Nutritionists claim that portion size control is one of the keys to losing weight and staying in shape. Using smaller dishes is probably the most popular way to control the size of your meals, but a couple of London-based art students may have come up with an even more effective one – using mirrors to make tableware look twice as full.
Saki Maruyama and Daniel Coppen, collectively known as Studio Playfool, have come up with an ingenious tableware design that relies on mirrors to trick your eyes into seeing more food than is actually available. Named Half/Full, their recently unveiled tableware set was apparently inspired by the threat of future food shortages on a global scale, and is therefore designed to “future proof appetites”.
Photo: Dezeen
“In the near-future, the effects of climate change will take its toll on global food production,” designers said. “When imagining a future that’s faced with greater food shortages, we need to ask how we might adapt our own appetites and lifestyle in the present.”
Photo: Dezeen
Each piece in the Half/Full set – two plates, a cup, a bowl, and a knife, fork and spoon – features a reflective surface, so when food and drinks are placed on/in them, these mirrors increase the portion size only visually, which is enough to induce a sensation of fullness and limit the amount of food the user feels they need to eat. It sounds like bogus, but the concept is apparently based on scientific research.
Photo: Dezeen
“A study led by the University of Tokyo revealed that the apparent volume of food can influence one’s satisfaction from a meal,” Studio Playfool claims. “If the quantity of the food appears greater, the feeling of satisfaction is greater.”

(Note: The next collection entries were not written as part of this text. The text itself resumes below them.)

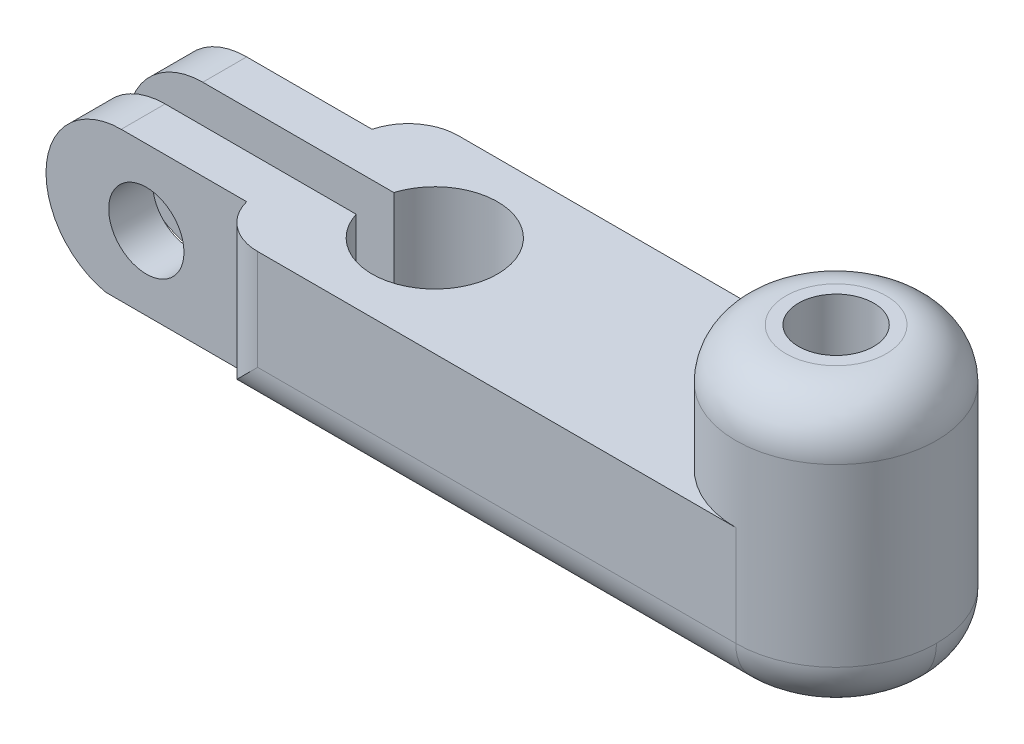
ISO-10303-21;
HEADER;
FILE_DESCRIPTION(('STEP AP214'),'2;1');
FILE_NAME('part.step','',(''),(''),'','','');
FILE_SCHEMA(('AUTOMOTIVE_DESIGN { 1 0 10303 214 1 1 1 1 }'));
ENDSEC;
DATA;
#1=APPLICATION_CONTEXT('core data for automotive mechanical design processes');
#2=APPLICATION_PROTOCOL_DEFINITION('international standard','automotive_design',2000,#1);
#3=PRODUCT_CONTEXT('',#1,'mechanical');
#4=PRODUCT('Part','Part','',(#3));
#5=PRODUCT_RELATED_PRODUCT_CATEGORY('part','',(#4));
#6=PRODUCT_DEFINITION_FORMATION('','',#4);
#7=PRODUCT_DEFINITION_CONTEXT('part definition',#1,'design');
#8=PRODUCT_DEFINITION('design','',#6,#7);
#9=PRODUCT_DEFINITION_SHAPE('','',#8);
#10=(LENGTH_UNIT() NAMED_UNIT(*) SI_UNIT(.MILLI.,.METRE.));
#11=(NAMED_UNIT(*) PLANE_ANGLE_UNIT() SI_UNIT($,.RADIAN.));
#12=(NAMED_UNIT(*) SI_UNIT($,.STERADIAN.) SOLID_ANGLE_UNIT());
#13=UNCERTAINTY_MEASURE_WITH_UNIT(LENGTH_MEASURE(1.E-05),#10,'distance_accuracy_value','');
#14=(GEOMETRIC_REPRESENTATION_CONTEXT(3) GLOBAL_UNCERTAINTY_ASSIGNED_CONTEXT((#13)) GLOBAL_UNIT_ASSIGNED_CONTEXT((#10,
#11,#12)) REPRESENTATION_CONTEXT('',''));
#15=CARTESIAN_POINT('',(0.,0.,0.));
#16=DIRECTION('',(0.,0.,1.));
#17=DIRECTION('',(1.,0.,0.));
#18=AXIS2_PLACEMENT_3D('',#15,#16,#17);
#19=CARTESIAN_POINT('',(0.,0.,0.));
#20=DIRECTION('',(0.,-1.,0.));
#21=DIRECTION('',(0.,0.,-1.));
#22=AXIS2_PLACEMENT_3D('',#19,#20,#21);
#23=PLANE('',#22);
#24=DIRECTION('',(0.,0.,1.));
#25=VECTOR('',#24,1.);
#26=CARTESIAN_POINT('',(-30.,0.,-6.5));
#27=LINE('',#26,#25);
#28=CARTESIAN_POINT('',(-30.,0.,-4.75));
#29=VERTEX_POINT('',#28);
#30=CARTESIAN_POINT('',(-30.,0.,-6.));
#31=VERTEX_POINT('',#30);
#32=EDGE_CURVE('E321',#29,#31,#27,.F.);
#33=ORIENTED_EDGE('',*,*,#32,.T.);
#34=DIRECTION('',(-1.,0.,0.));
#35=VECTOR('',#34,1.);
#36=CARTESIAN_POINT('',(-4.,0.,-6.));
#37=LINE('',#36,#35);
#38=CARTESIAN_POINT('',(-21.5,0.,-6.));
#39=VERTEX_POINT('',#38);
#40=EDGE_CURVE('E323',#31,#39,#37,.F.);
#41=ORIENTED_EDGE('',*,*,#40,.T.);
#42=CARTESIAN_POINT('',(-20.,0.,-4.));
#43=DIRECTION('',(0.,1.,0.));
#44=DIRECTION('',(0.,0.,1.));
#45=AXIS2_PLACEMENT_3D('',#42,#43,#44);
#46=CIRCLE('',#45,2.5);
#47=CARTESIAN_POINT('',(-22.3848480035424,0.,-4.75));
#48=VERTEX_POINT('',#47);
#49=EDGE_CURVE('E380',#39,#48,#46,.T.);
#50=ORIENTED_EDGE('',*,*,#49,.T.);
#51=DIRECTION('',(-1.,0.,0.));
#52=VECTOR('',#51,1.);
#53=CARTESIAN_POINT('',(-33.,0.,-4.75));
#54=LINE('',#53,#52);
#55=EDGE_CURVE('E326',#48,#29,#54,.T.);
#56=ORIENTED_EDGE('',*,*,#55,.T.);
#57=EDGE_LOOP('',(#33,#41,#50,#56));
#58=FACE_BOUND('',#57,.T.);
#59=ADVANCED_FACE('F34',(#58),#23,.T.);
#60=CARTESIAN_POINT('',(-18.5,0.,-2.));
#61=VERTEX_POINT('',#60);
#62=CARTESIAN_POINT('',(-18.5,0.,-6.));
#63=VERTEX_POINT('',#62);
#64=EDGE_CURVE('E379',#61,#63,#46,.T.);
#65=ORIENTED_EDGE('',*,*,#64,.T.);
#66=DIRECTION('',(-1.,0.,0.));
#67=VECTOR('',#66,1.);
#68=CARTESIAN_POINT('',(-4.,0.,-6.));
#69=LINE('',#68,#67);
#70=CARTESIAN_POINT('',(-4.,0.,-6.));
#71=VERTEX_POINT('',#70);
#72=EDGE_CURVE('E336',#63,#71,#69,.F.);
#73=ORIENTED_EDGE('',*,*,#72,.T.);
#74=CARTESIAN_POINT('',(-4.,0.,-4.));
#75=DIRECTION('',(0.,-1.,0.));
#76=DIRECTION('',(0.,0.,-1.));
#77=AXIS2_PLACEMENT_3D('',#74,#75,#76);
#78=CIRCLE('',#77,2.);
#79=CARTESIAN_POINT('',(-2.,0.,-4.));
#80=VERTEX_POINT('',#79);
#81=EDGE_CURVE('E337',#71,#80,#78,.T.);
#82=ORIENTED_EDGE('',*,*,#81,.T.);
#83=CARTESIAN_POINT('',(-4.,0.,-4.));
#84=DIRECTION('',(0.,-1.,0.));
#85=DIRECTION('',(0.,0.,-1.));
#86=AXIS2_PLACEMENT_3D('',#83,#84,#85);
#87=CIRCLE('',#86,2.);
#88=CARTESIAN_POINT('',(-4.,0.,-2.));
#89=VERTEX_POINT('',#88);
#90=EDGE_CURVE('E341',#80,#89,#87,.T.);
#91=ORIENTED_EDGE('',*,*,#90,.T.);
#92=DIRECTION('',(1.,0.,0.));
#93=VECTOR('',#92,1.);
#94=CARTESIAN_POINT('',(-25.,0.,-2.));
#95=LINE('',#94,#93);
#96=EDGE_CURVE('E342',#89,#61,#95,.F.);
#97=ORIENTED_EDGE('',*,*,#96,.T.);
#98=EDGE_LOOP('',(#65,#73,#82,#91,#97));
#99=FACE_BOUND('',#98,.T.);
#100=ADVANCED_FACE('F256',(#99),#23,.T.);
#101=CARTESIAN_POINT('',(0.,6.,0.));
#102=DIRECTION('',(0.,-1.,0.));
#103=DIRECTION('',(0.,0.,-1.));
#104=AXIS2_PLACEMENT_3D('',#101,#102,#103);
#105=PLANE('',#104);
#106=DIRECTION('',(-1.,0.,0.));
#107=VECTOR('',#106,1.);
#108=CARTESIAN_POINT('',(-25.,6.,-8.));
#109=LINE('',#108,#107);
#110=CARTESIAN_POINT('',(-4.,6.,-8.));
#111=VERTEX_POINT('',#110);
#112=CARTESIAN_POINT('',(-23.0635083268963,6.,-8.));
#113=VERTEX_POINT('',#112);
#114=EDGE_CURVE('E399',#111,#113,#109,.T.);
#115=ORIENTED_EDGE('',*,*,#114,.T.);
#116=CARTESIAN_POINT('',(-23.0635083268963,6.,-6.));
#117=DIRECTION('',(0.,-1.,0.));
#118=DIRECTION('',(0.,0.,-1.));
#119=AXIS2_PLACEMENT_3D('',#116,#117,#118);
#120=CIRCLE('',#119,2.);
#121=CARTESIAN_POINT('',(-25.,6.,-6.5));
#122=VERTEX_POINT('',#121);
#123=EDGE_CURVE('E43',#113,#122,#120,.F.);
#124=ORIENTED_EDGE('',*,*,#123,.T.);
#125=DIRECTION('',(-1.,0.,0.));
#126=VECTOR('',#125,1.);
#127=CARTESIAN_POINT('',(-33.,6.,-6.5));
#128=LINE('',#127,#126);
#129=CARTESIAN_POINT('',(-30.,6.,-6.5));
#130=VERTEX_POINT('',#129);
#131=EDGE_CURVE('E403',#122,#130,#128,.T.);
#132=ORIENTED_EDGE('',*,*,#131,.T.);
#133=DIRECTION('',(0.,0.,1.));
#134=VECTOR('',#133,1.);
#135=CARTESIAN_POINT('',(-30.,6.,0.));
#136=LINE('',#135,#134);
#137=CARTESIAN_POINT('',(-30.,6.,-4.75));
#138=VERTEX_POINT('',#137);
#139=EDGE_CURVE('E414',#130,#138,#136,.T.);
#140=ORIENTED_EDGE('',*,*,#139,.T.);
#141=DIRECTION('',(-1.,0.,0.));
#142=VECTOR('',#141,1.);
#143=CARTESIAN_POINT('',(-33.,6.,-4.75));
#144=LINE('',#143,#142);
#145=CARTESIAN_POINT('',(-22.3848480035424,6.,-4.75));
#146=VERTEX_POINT('',#145);
#147=EDGE_CURVE('E394',#146,#138,#144,.T.);
#148=ORIENTED_EDGE('',*,*,#147,.F.);
#149=CARTESIAN_POINT('',(-20.,6.,-4.));
#150=DIRECTION('',(0.,1.,0.));
#151=DIRECTION('',(0.,0.,1.));
#152=AXIS2_PLACEMENT_3D('',#149,#150,#151);
#153=CIRCLE('',#152,2.5);
#154=CARTESIAN_POINT('',(-22.3848480035424,6.,-3.25));
#155=VERTEX_POINT('',#154);
#156=EDGE_CURVE('E390',#155,#146,#153,.T.);
#157=ORIENTED_EDGE('',*,*,#156,.F.);
#158=DIRECTION('',(1.,0.,0.));
#159=VECTOR('',#158,1.);
#160=CARTESIAN_POINT('',(-33.,6.,-3.25));
#161=LINE('',#160,#159);
#162=CARTESIAN_POINT('',(-30.,6.,-3.25));
#163=VERTEX_POINT('',#162);
#164=EDGE_CURVE('E388',#163,#155,#161,.T.);
#165=ORIENTED_EDGE('',*,*,#164,.F.);
#166=DIRECTION('',(0.,0.,1.));
#167=VECTOR('',#166,1.);
#168=CARTESIAN_POINT('',(-30.,6.,0.));
#169=LINE('',#168,#167);
#170=CARTESIAN_POINT('',(-30.,6.,-1.5));
#171=VERTEX_POINT('',#170);
#172=EDGE_CURVE('E421',#163,#171,#169,.T.);
#173=ORIENTED_EDGE('',*,*,#172,.T.);
#174=DIRECTION('',(1.,0.,0.));
#175=VECTOR('',#174,1.);
#176=CARTESIAN_POINT('',(-25.,6.,-1.5));
#177=LINE('',#176,#175);
#178=CARTESIAN_POINT('',(-25.,6.,-1.5));
#179=VERTEX_POINT('',#178);
#180=EDGE_CURVE('E406',#171,#179,#177,.T.);
#181=ORIENTED_EDGE('',*,*,#180,.T.);
#182=CARTESIAN_POINT('',(-23.0635083268963,6.,-2.));
#183=DIRECTION('',(0.,-1.,0.));
#184=DIRECTION('',(0.,0.,-1.));
#185=AXIS2_PLACEMENT_3D('',#182,#183,#184);
#186=CIRCLE('',#185,2.);
#187=CARTESIAN_POINT('',(-23.0635083268963,6.,0.));
#188=VERTEX_POINT('',#187);
#189=EDGE_CURVE('E360',#179,#188,#186,.F.);
#190=ORIENTED_EDGE('',*,*,#189,.T.);
#191=DIRECTION('',(1.,0.,0.));
#192=VECTOR('',#191,1.);
#193=CARTESIAN_POINT('',(-25.,6.,0.));
#194=LINE('',#193,#192);
#195=CARTESIAN_POINT('',(-4.,6.,0.));
#196=VERTEX_POINT('',#195);
#197=EDGE_CURVE('E408',#188,#196,#194,.T.);
#198=ORIENTED_EDGE('',*,*,#197,.T.);
#199=CARTESIAN_POINT('',(-4.,6.,-4.));
#200=DIRECTION('',(0.,1.,0.));
#201=DIRECTION('',(0.,0.,1.));
#202=AXIS2_PLACEMENT_3D('',#199,#200,#201);
#203=CIRCLE('',#202,4.);
#204=EDGE_CURVE('E179',#111,#196,#203,.T.);
#205=ORIENTED_EDGE('',*,*,#204,.F.);
#206=EDGE_LOOP('',(#115,#124,#132,#140,#148,#157,#165,#173,#181,#190,#198,#205));
#207=FACE_BOUND('',#206,.T.);
#208=ADVANCED_FACE('F252',(#207),#105,.F.);
#209=CARTESIAN_POINT('',(-25.,6.,-8.));
#210=DIRECTION('',(0.,0.,1.));
#211=DIRECTION('',(1.,0.,0.));
#212=AXIS2_PLACEMENT_3D('',#209,#210,#211);
#213=PLANE('',#212);
#214=DIRECTION('',(0.,-1.,0.));
#215=VECTOR('',#214,1.);
#216=CARTESIAN_POINT('',(-4.,6.,-8.));
#217=LINE('',#216,#215);
#218=CARTESIAN_POINT('',(-4.,2.,-8.));
#219=VERTEX_POINT('',#218);
#220=EDGE_CURVE('E188',#111,#219,#217,.T.);
#221=ORIENTED_EDGE('',*,*,#220,.T.);
#222=DIRECTION('',(-1.,0.,0.));
#223=VECTOR('',#222,1.);
#224=CARTESIAN_POINT('',(-25.,2.,-8.));
#225=LINE('',#224,#223);
#226=CARTESIAN_POINT('',(-23.0635083268963,2.,-8.));
#227=VERTEX_POINT('',#226);
#228=EDGE_CURVE('E192',#219,#227,#225,.T.);
#229=ORIENTED_EDGE('',*,*,#228,.T.);
#230=DIRECTION('',(0.,-1.,0.));
#231=VECTOR('',#230,1.);
#232=CARTESIAN_POINT('',(-23.0635083268963,6.,-8.));
#233=LINE('',#232,#231);
#234=EDGE_CURVE('E190',#227,#113,#233,.F.);
#235=ORIENTED_EDGE('',*,*,#234,.T.);
#236=ORIENTED_EDGE('',*,*,#114,.F.);
#237=EDGE_LOOP('',(#221,#229,#235,#236));
#238=FACE_BOUND('',#237,.T.);
#239=ADVANCED_FACE('F255',(#238),#213,.F.);
#240=CARTESIAN_POINT('',(-33.,6.,-6.5));
#241=DIRECTION('',(0.,0.,1.));
#242=DIRECTION('',(1.,0.,0.));
#243=AXIS2_PLACEMENT_3D('',#240,#241,#242);
#244=PLANE('',#243);
#245=CARTESIAN_POINT('',(-29.,3.,-6.5));
#246=DIRECTION('',(0.,0.,1.));
#247=DIRECTION('',(1.,0.,0.));
#248=AXIS2_PLACEMENT_3D('',#245,#246,#247);
#249=CIRCLE('',#248,1.5);
#250=CARTESIAN_POINT('',(-27.5,3.,-6.5));
#251=VERTEX_POINT('',#250);
#252=EDGE_CURVE('E391',#251,#251,#249,.T.);
#253=ORIENTED_EDGE('',*,*,#252,.T.);
#254=EDGE_LOOP('',(#253));
#255=FACE_BOUND('',#254,.T.);
#256=DIRECTION('',(0.,-1.,0.));
#257=VECTOR('',#256,1.);
#258=CARTESIAN_POINT('',(-25.,6.,-6.5));
#259=LINE('',#258,#257);
#260=CARTESIAN_POINT('',(-25.,0.0635083268962916,-6.5));
#261=VERTEX_POINT('',#260);
#262=EDGE_CURVE('E412',#122,#261,#259,.T.);
#263=ORIENTED_EDGE('',*,*,#262,.T.);
#264=DIRECTION('',(1.,0.,0.));
#265=VECTOR('',#264,1.);
#266=CARTESIAN_POINT('',(-25.,0.0635083268962913,-6.5));
#267=LINE('',#266,#265);
#268=CARTESIAN_POINT('',(-30.614016818819,0.063508326896292,-6.5));
#269=VERTEX_POINT('',#268);
#270=EDGE_CURVE('E195',#261,#269,#267,.F.);
#271=ORIENTED_EDGE('',*,*,#270,.T.);
#272=CARTESIAN_POINT('',(-30.,3.,-6.5));
#273=DIRECTION('',(0.,0.,1.));
#274=DIRECTION('',(1.,0.,0.));
#275=AXIS2_PLACEMENT_3D('',#272,#273,#274);
#276=CIRCLE('',#275,3.);
#277=CARTESIAN_POINT('',(-33.,3.,-6.5));
#278=VERTEX_POINT('',#277);
#279=EDGE_CURVE('E435',#269,#278,#276,.F.);
#280=ORIENTED_EDGE('',*,*,#279,.T.);
#281=CARTESIAN_POINT('',(-30.,3.,-6.5));
#282=DIRECTION('',(0.,0.,1.));
#283=DIRECTION('',(1.,0.,0.));
#284=AXIS2_PLACEMENT_3D('',#281,#282,#283);
#285=CIRCLE('',#284,3.);
#286=EDGE_CURVE('E329',#278,#130,#285,.F.);
#287=ORIENTED_EDGE('',*,*,#286,.T.);
#288=ORIENTED_EDGE('',*,*,#131,.F.);
#289=EDGE_LOOP('',(#263,#271,#280,#287,#288));
#290=FACE_BOUND('',#289,.T.);
#291=ADVANCED_FACE('F269',(#255,#290),#244,.F.);
#292=CARTESIAN_POINT('',(-25.,6.,-1.5));
#293=DIRECTION('',(0.,0.,-1.));
#294=DIRECTION('',(-1.,0.,0.));
#295=AXIS2_PLACEMENT_3D('',#292,#293,#294);
#296=PLANE('',#295);
#297=CARTESIAN_POINT('',(-29.,3.,-1.5));
#298=DIRECTION('',(0.,0.,1.));
#299=DIRECTION('',(1.,0.,0.));
#300=AXIS2_PLACEMENT_3D('',#297,#298,#299);
#301=CIRCLE('',#300,1.5);
#302=CARTESIAN_POINT('',(-27.5,3.,-1.5));
#303=VERTEX_POINT('',#302);
#304=EDGE_CURVE('E419',#303,#303,#301,.T.);
#305=ORIENTED_EDGE('',*,*,#304,.F.);
#306=EDGE_LOOP('',(#305));
#307=FACE_BOUND('',#306,.T.);
#308=CARTESIAN_POINT('',(-30.,3.,-1.5));
#309=DIRECTION('',(0.,0.,-1.));
#310=DIRECTION('',(-1.,0.,0.));
#311=AXIS2_PLACEMENT_3D('',#308,#309,#310);
#312=CIRCLE('',#311,3.);
#313=CARTESIAN_POINT('',(-33.,3.,-1.5));
#314=VERTEX_POINT('',#313);
#315=CARTESIAN_POINT('',(-30.614016818819,0.063508326896292,-1.5));
#316=VERTEX_POINT('',#315);
#317=EDGE_CURVE('E424',#314,#316,#312,.F.);
#318=ORIENTED_EDGE('',*,*,#317,.T.);
#319=DIRECTION('',(-1.,0.,0.));
#320=VECTOR('',#319,1.);
#321=CARTESIAN_POINT('',(-30.614016818819,0.0635083268962916,-1.5));
#322=LINE('',#321,#320);
#323=CARTESIAN_POINT('',(-25.,0.0635083268962916,-1.5));
#324=VERTEX_POINT('',#323);
#325=EDGE_CURVE('E51',#316,#324,#322,.F.);
#326=ORIENTED_EDGE('',*,*,#325,.T.);
#327=DIRECTION('',(0.,-1.,0.));
#328=VECTOR('',#327,1.);
#329=CARTESIAN_POINT('',(-25.,6.,-1.5));
#330=LINE('',#329,#328);
#331=EDGE_CURVE('E410',#179,#324,#330,.T.);
#332=ORIENTED_EDGE('',*,*,#331,.F.);
#333=ORIENTED_EDGE('',*,*,#180,.F.);
#334=CARTESIAN_POINT('',(-30.,3.,-1.5));
#335=DIRECTION('',(0.,0.,-1.));
#336=DIRECTION('',(-1.,0.,0.));
#337=AXIS2_PLACEMENT_3D('',#334,#335,#336);
#338=CIRCLE('',#337,3.);
#339=EDGE_CURVE('E426',#171,#314,#338,.F.);
#340=ORIENTED_EDGE('',*,*,#339,.T.);
#341=EDGE_LOOP('',(#318,#326,#332,#333,#340));
#342=FACE_BOUND('',#341,.T.);
#343=ADVANCED_FACE('F265',(#307,#342),#296,.F.);
#344=CARTESIAN_POINT('',(-25.,6.,0.));
#345=DIRECTION('',(0.,0.,-1.));
#346=DIRECTION('',(-1.,0.,0.));
#347=AXIS2_PLACEMENT_3D('',#344,#345,#346);
#348=PLANE('',#347);
#349=DIRECTION('',(0.,1.,0.));
#350=VECTOR('',#349,1.);
#351=CARTESIAN_POINT('',(-23.0635083268963,6.,0.));
#352=LINE('',#351,#350);
#353=CARTESIAN_POINT('',(-23.0635083268963,2.,0.));
#354=VERTEX_POINT('',#353);
#355=EDGE_CURVE('E457',#188,#354,#352,.F.);
#356=ORIENTED_EDGE('',*,*,#355,.T.);
#357=DIRECTION('',(1.,0.,0.));
#358=VECTOR('',#357,1.);
#359=CARTESIAN_POINT('',(-4.,2.,0.));
#360=LINE('',#359,#358);
#361=CARTESIAN_POINT('',(-4.,2.,0.));
#362=VERTEX_POINT('',#361);
#363=EDGE_CURVE('E292',#354,#362,#360,.T.);
#364=ORIENTED_EDGE('',*,*,#363,.T.);
#365=DIRECTION('',(0.,-1.,0.));
#366=VECTOR('',#365,1.);
#367=CARTESIAN_POINT('',(-4.,6.,0.));
#368=LINE('',#367,#366);
#369=EDGE_CURVE('E437',#362,#196,#368,.F.);
#370=ORIENTED_EDGE('',*,*,#369,.T.);
#371=ORIENTED_EDGE('',*,*,#197,.F.);
#372=EDGE_LOOP('',(#356,#364,#370,#371));
#373=FACE_BOUND('',#372,.T.);
#374=ADVANCED_FACE('F261',(#373),#348,.F.);
#375=CARTESIAN_POINT('',(-22.3848480035424,0.,-3.25));
#376=VERTEX_POINT('',#375);
#377=CARTESIAN_POINT('',(-21.5,0.,-2.));
#378=VERTEX_POINT('',#377);
#379=EDGE_CURVE('E350',#376,#378,#46,.T.);
#380=ORIENTED_EDGE('',*,*,#379,.T.);
#381=DIRECTION('',(1.,0.,0.));
#382=VECTOR('',#381,1.);
#383=CARTESIAN_POINT('',(-25.,0.,-2.));
#384=LINE('',#383,#382);
#385=CARTESIAN_POINT('',(-30.,0.,-2.));
#386=VERTEX_POINT('',#385);
#387=EDGE_CURVE('E205',#378,#386,#384,.F.);
#388=ORIENTED_EDGE('',*,*,#387,.T.);
#389=DIRECTION('',(0.,0.,1.));
#390=VECTOR('',#389,1.);
#391=CARTESIAN_POINT('',(-30.,0.,-3.25));
#392=LINE('',#391,#390);
#393=CARTESIAN_POINT('',(-30.,0.,-3.25));
#394=VERTEX_POINT('',#393);
#395=EDGE_CURVE('E330',#386,#394,#392,.F.);
#396=ORIENTED_EDGE('',*,*,#395,.T.);
#397=DIRECTION('',(1.,0.,0.));
#398=VECTOR('',#397,1.);
#399=CARTESIAN_POINT('',(-33.,0.,-3.25));
#400=LINE('',#399,#398);
#401=EDGE_CURVE('E382',#394,#376,#400,.T.);
#402=ORIENTED_EDGE('',*,*,#401,.T.);
#403=EDGE_LOOP('',(#380,#388,#396,#402));
#404=FACE_BOUND('',#403,.T.);
#405=ADVANCED_FACE('F258',(#404),#23,.T.);
#406=CARTESIAN_POINT('',(-33.,0.,-4.75));
#407=DIRECTION('',(0.,0.,-1.));
#408=DIRECTION('',(-1.,0.,0.));
#409=AXIS2_PLACEMENT_3D('',#406,#407,#408);
#410=PLANE('',#409);
#411=CARTESIAN_POINT('',(-29.,3.,-4.75));
#412=DIRECTION('',(0.,0.,-1.));
#413=DIRECTION('',(-1.,0.,0.));
#414=AXIS2_PLACEMENT_3D('',#411,#412,#413);
#415=CIRCLE('',#414,1.5);
#416=CARTESIAN_POINT('',(-30.5,3.,-4.75));
#417=VERTEX_POINT('',#416);
#418=EDGE_CURVE('E418',#417,#417,#415,.T.);
#419=ORIENTED_EDGE('',*,*,#418,.T.);
#420=EDGE_LOOP('',(#419));
#421=FACE_BOUND('',#420,.T.);
#422=CARTESIAN_POINT('',(-30.,3.,-4.75));
#423=DIRECTION('',(0.,0.,-1.));
#424=DIRECTION('',(-1.,0.,0.));
#425=AXIS2_PLACEMENT_3D('',#422,#423,#424);
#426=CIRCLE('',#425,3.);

“Another study showed that eating in the presence of a mirror increases self-awareness, influencing people’s behaviours to eat less. Although the concept is yet to be formally tested, we believe Half/Full has the potential to change our eating habits for the better, while acting as a visual probe that raises our awareness around the impacts that climate change will have on our food and eating culture,” the two designers add.